Kemenag Pangkas Proses Pendaftaran dan Pembatalan Haji

Rembang — Masyarakat kini semakin dimudahkan mendaftar haji. Sejak awal pekan ini (18/04), peraturan baru yang memangkas proses pendaftaran haji mulai diberlakukan. Kemarin, Kamis (22/04), Kakankemenag melalui Kasi Haji dan Umroh, Shalehuddin melakukan sosialisasi kepada Bank Penerima Setoran (BPS) terkait regulasi tersebut di Kemenag Rembang.

Regulasi tersebut sebagaimana tertera dalam Keputusan Dirjen Penyelenggara Haji dan Umroh Nomor 28 tahun 2016 tentang Pedoman Pendaftaran Haji Reguler. Shalehuddin menjelaskan, pendaftaran haji dipangkas dari tiga tahap menjadi dua tahap. Sehingga mempermudah masyarakat melakukan proses pendaftaran haji.

Adapun prosesnya yaitu, calon Jemaah haji kini cukup membuka tabungan di BPS sebagai Biaya Penyelenggaraan Ibadah Haji (BPIH) senilai Rp 25 juta. Setelah menyetor, calhaj akan menerima bukti setoran BPIH dengan mencantumkan nomor validasi dan dibubuhi stempel BPS.

Setelah itu, calhaj bisa langsung menuju ke Kemenag domisili untuk mendaftar dengan mengisi formulir pendaftaran berupa Surat pendaftaran Pergi Haji (SPPH) dan menunjukkan bukti setoran BPIH. Petugas Kemenag lalu akan mendaftarkan calhaj ke Siskohat untuk mendapatkan nomor porsi.

Sebelumnya, calon jemaah haji melakukan pendaftaran dengan tiga proses. Pertama, mendaftar di Kemenag, menyetor BPIH ke BPS dan mendapatkan nomor porsi, setelah itu kembali lagi ke Kemenag untuk menyampaikan bukti cetak tersebut.

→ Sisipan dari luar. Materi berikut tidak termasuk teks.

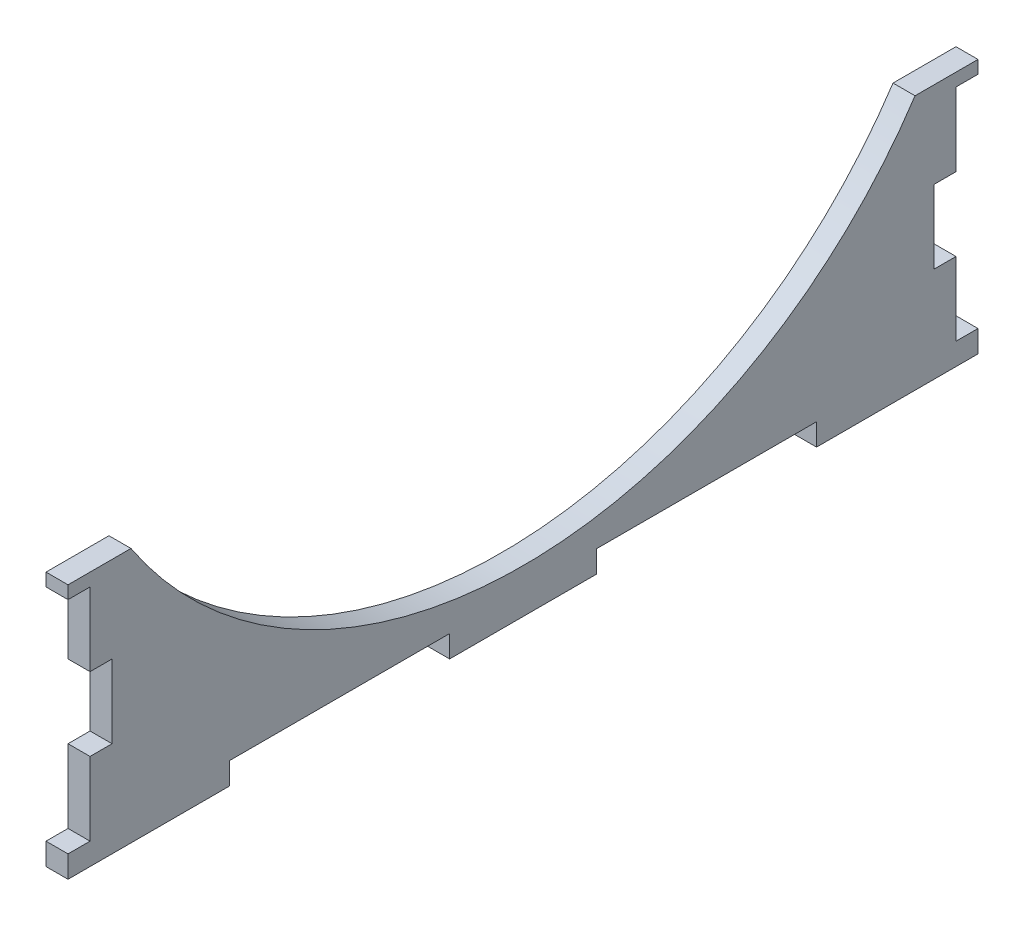
ISO-10303-21;
HEADER;
FILE_DESCRIPTION(('STEP AP214'),'2;1');
FILE_NAME('part.step','',(''),(''),'','','');
FILE_SCHEMA(('AUTOMOTIVE_DESIGN { 1 0 10303 214 1 1 1 1 }'));
ENDSEC;
DATA;
#1=APPLICATION_CONTEXT('core data for automotive mechanical design processes');
#2=APPLICATION_PROTOCOL_DEFINITION('international standard','automotive_design',2000,#1);
#3=PRODUCT_CONTEXT('',#1,'mechanical');
#4=PRODUCT('Part','Part','',(#3));
#5=PRODUCT_RELATED_PRODUCT_CATEGORY('part','',(#4));
#6=PRODUCT_DEFINITION_FORMATION('','',#4);
#7=PRODUCT_DEFINITION_CONTEXT('part definition',#1,'design');
#8=PRODUCT_DEFINITION('design','',#6,#7);
#9=PRODUCT_DEFINITION_SHAPE('','',#8);
#10=(LENGTH_UNIT() NAMED_UNIT(*) SI_UNIT(.MILLI.,.METRE.));
#11=(NAMED_UNIT(*) PLANE_ANGLE_UNIT() SI_UNIT($,.RADIAN.));
#12=(NAMED_UNIT(*) SI_UNIT($,.STERADIAN.) SOLID_ANGLE_UNIT());
#13=UNCERTAINTY_MEASURE_WITH_UNIT(LENGTH_MEASURE(1.E-05),#10,'distance_accuracy_value','');
#14=(GEOMETRIC_REPRESENTATION_CONTEXT(3) GLOBAL_UNCERTAINTY_ASSIGNED_CONTEXT((#13)) GLOBAL_UNIT_ASSIGNED_CONTEXT((#10,
#11,#12)) REPRESENTATION_CONTEXT('',''));
#15=CARTESIAN_POINT('',(0.,0.,0.));
#16=DIRECTION('',(0.,0.,1.));
#17=DIRECTION('',(1.,0.,0.));
#18=AXIS2_PLACEMENT_3D('',#15,#16,#17);
#19=CARTESIAN_POINT('',(-3.,0.,-3.00000000000028));
#20=DIRECTION('',(0.,0.,1.));
#21=DIRECTION('',(1.,0.,0.));
#22=AXIS2_PLACEMENT_3D('',#19,#20,#21);
#23=PLANE('',#22);
#24=DIRECTION('',(0.,-1.,0.));
#25=VECTOR('',#24,1.);
#26=CARTESIAN_POINT('',(0.,0.,-3.00000000000028));
#27=LINE('',#26,#25);
#28=CARTESIAN_POINT('',(0.,0.,-3.00000000000028));
#29=VERTEX_POINT('',#28);
#30=CARTESIAN_POINT('',(0.,-3.,-3.00000000000028));
#31=VERTEX_POINT('',#30);
#32=EDGE_CURVE('E266',#29,#31,#27,.T.);
#33=ORIENTED_EDGE('',*,*,#32,.T.);
#34=DIRECTION('',(1.,0.,0.));
#35=VECTOR('',#34,1.);
#36=CARTESIAN_POINT('',(-3.,-3.,-3.00000000000028));
#37=LINE('',#36,#35);
#38=CARTESIAN_POINT('',(-3.,-3.,-3.00000000000028));
#39=VERTEX_POINT('',#38);
#40=EDGE_CURVE('E11',#39,#31,#37,.T.);
#41=ORIENTED_EDGE('',*,*,#40,.F.);
#42=DIRECTION('',(0.,-1.,0.));
#43=VECTOR('',#42,1.);
#44=CARTESIAN_POINT('',(-3.,0.,-3.00000000000028));
#45=LINE('',#44,#43);
#46=CARTESIAN_POINT('',(-3.,0.,-3.00000000000028));
#47=VERTEX_POINT('',#46);
#48=EDGE_CURVE('E66',#47,#39,#45,.T.);
#49=ORIENTED_EDGE('',*,*,#48,.F.);
#50=DIRECTION('',(1.,0.,0.));
#51=VECTOR('',#50,1.);
#52=CARTESIAN_POINT('',(-3.,0.,-3.00000000000028));
#53=LINE('',#52,#51);
#54=EDGE_CURVE('E43',#47,#29,#53,.T.);
#55=ORIENTED_EDGE('',*,*,#54,.T.);
#56=EDGE_LOOP('',(#33,#41,#49,#55));
#57=FACE_BOUND('',#56,.T.);
#58=ADVANCED_FACE('F40',(#57),#23,.F.);
#59=CARTESIAN_POINT('',(-3.,-3.,0.));
#60=DIRECTION('',(0.,-1.,0.));
#61=DIRECTION('',(0.,0.,-1.));
#62=AXIS2_PLACEMENT_3D('',#59,#60,#61);
#63=PLANE('',#62);
#64=DIRECTION('',(0.,0.,-1.));
#65=VECTOR('',#64,1.);
#66=CARTESIAN_POINT('',(0.,-3.,0.));
#67=LINE('',#66,#65);
#68=CARTESIAN_POINT('',(0.,-3.,18.9999999999997));
#69=VERTEX_POINT('',#68);
#70=EDGE_CURVE('E361',#69,#31,#67,.T.);
#71=ORIENTED_EDGE('',*,*,#70,.F.);
#72=DIRECTION('',(1.,0.,0.));
#73=VECTOR('',#72,1.);
#74=CARTESIAN_POINT('',(-3.,-3.,18.9999999999997));
#75=LINE('',#74,#73);
#76=CARTESIAN_POINT('',(-3.,-3.,18.9999999999997));
#77=VERTEX_POINT('',#76);
#78=EDGE_CURVE('E49',#77,#69,#75,.T.);
#79=ORIENTED_EDGE('',*,*,#78,.F.);
#80=DIRECTION('',(0.,0.,-1.));
#81=VECTOR('',#80,1.);
#82=CARTESIAN_POINT('',(-3.,-3.,0.));
#83=LINE('',#82,#81);
#84=EDGE_CURVE('E251',#77,#39,#83,.T.);
#85=ORIENTED_EDGE('',*,*,#84,.T.);
#86=ORIENTED_EDGE('',*,*,#40,.T.);
#87=EDGE_LOOP('',(#71,#79,#85,#86));
#88=FACE_BOUND('',#87,.T.);
#89=ADVANCED_FACE('F457',(#88),#63,.T.);
#90=CARTESIAN_POINT('',(-3.,0.,18.9999999999997));
#91=DIRECTION('',(0.,0.,1.));
#92=DIRECTION('',(1.,0.,0.));
#93=AXIS2_PLACEMENT_3D('',#90,#91,#92);
#94=PLANE('',#93);
#95=DIRECTION('',(0.,-1.,0.));
#96=VECTOR('',#95,1.);
#97=CARTESIAN_POINT('',(0.,0.,18.9999999999997));
#98=LINE('',#97,#96);
#99=CARTESIAN_POINT('',(0.,0.,18.9999999999997));
#100=VERTEX_POINT('',#99);
#101=EDGE_CURVE('E237',#100,#69,#98,.T.);
#102=ORIENTED_EDGE('',*,*,#101,.F.);
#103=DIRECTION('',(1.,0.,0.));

Proses pemangkasan juga berlaku untuk pembatalan haji. Sebelumnya, calhaj yang membatalkan pergi harus ke Kemenag Kabupaten. Setelah itu berkas dibawa ke Kanwil diteruskan ke Ditjen PHU. Namun kini dipangkas. Calhaj mengajukan pembatalan ke Kemenag Kabupaten/Kota dan langsung diajukan ke Ditjen PHU.

Pemeriksaan Kesehatan

Sementara beberapa bulan menjelang pemberangkatan, akan dilakukan pemeriksaan kesehatan pada 25 April mendatang. Kemenag Rembang telah melakukan surat sosialisasi ke Kepala KUA Kecamatan.

Shalehuddin meminta Kepala KUA agar memberitahukan calhaj yang akan berangkat tahun ini untuk memeriksakan kesehatan di Puskesmas setempat. Namun untuk penjadualnnya, Kepala KUA bisa berkoordinasi dengan Kepala Puskemas setempat.

“Untuk calhaj sudah lansia dan mempunyai gejala penyakit resiko tinggi agar dirujuk ke RSUD Dr. R. Soetrasno Rembang untuk mendapatkan pemeriksaan dari dokter spesialis,” imbuh Shalehuddin.— (Shofatus Shodiqoh/gt)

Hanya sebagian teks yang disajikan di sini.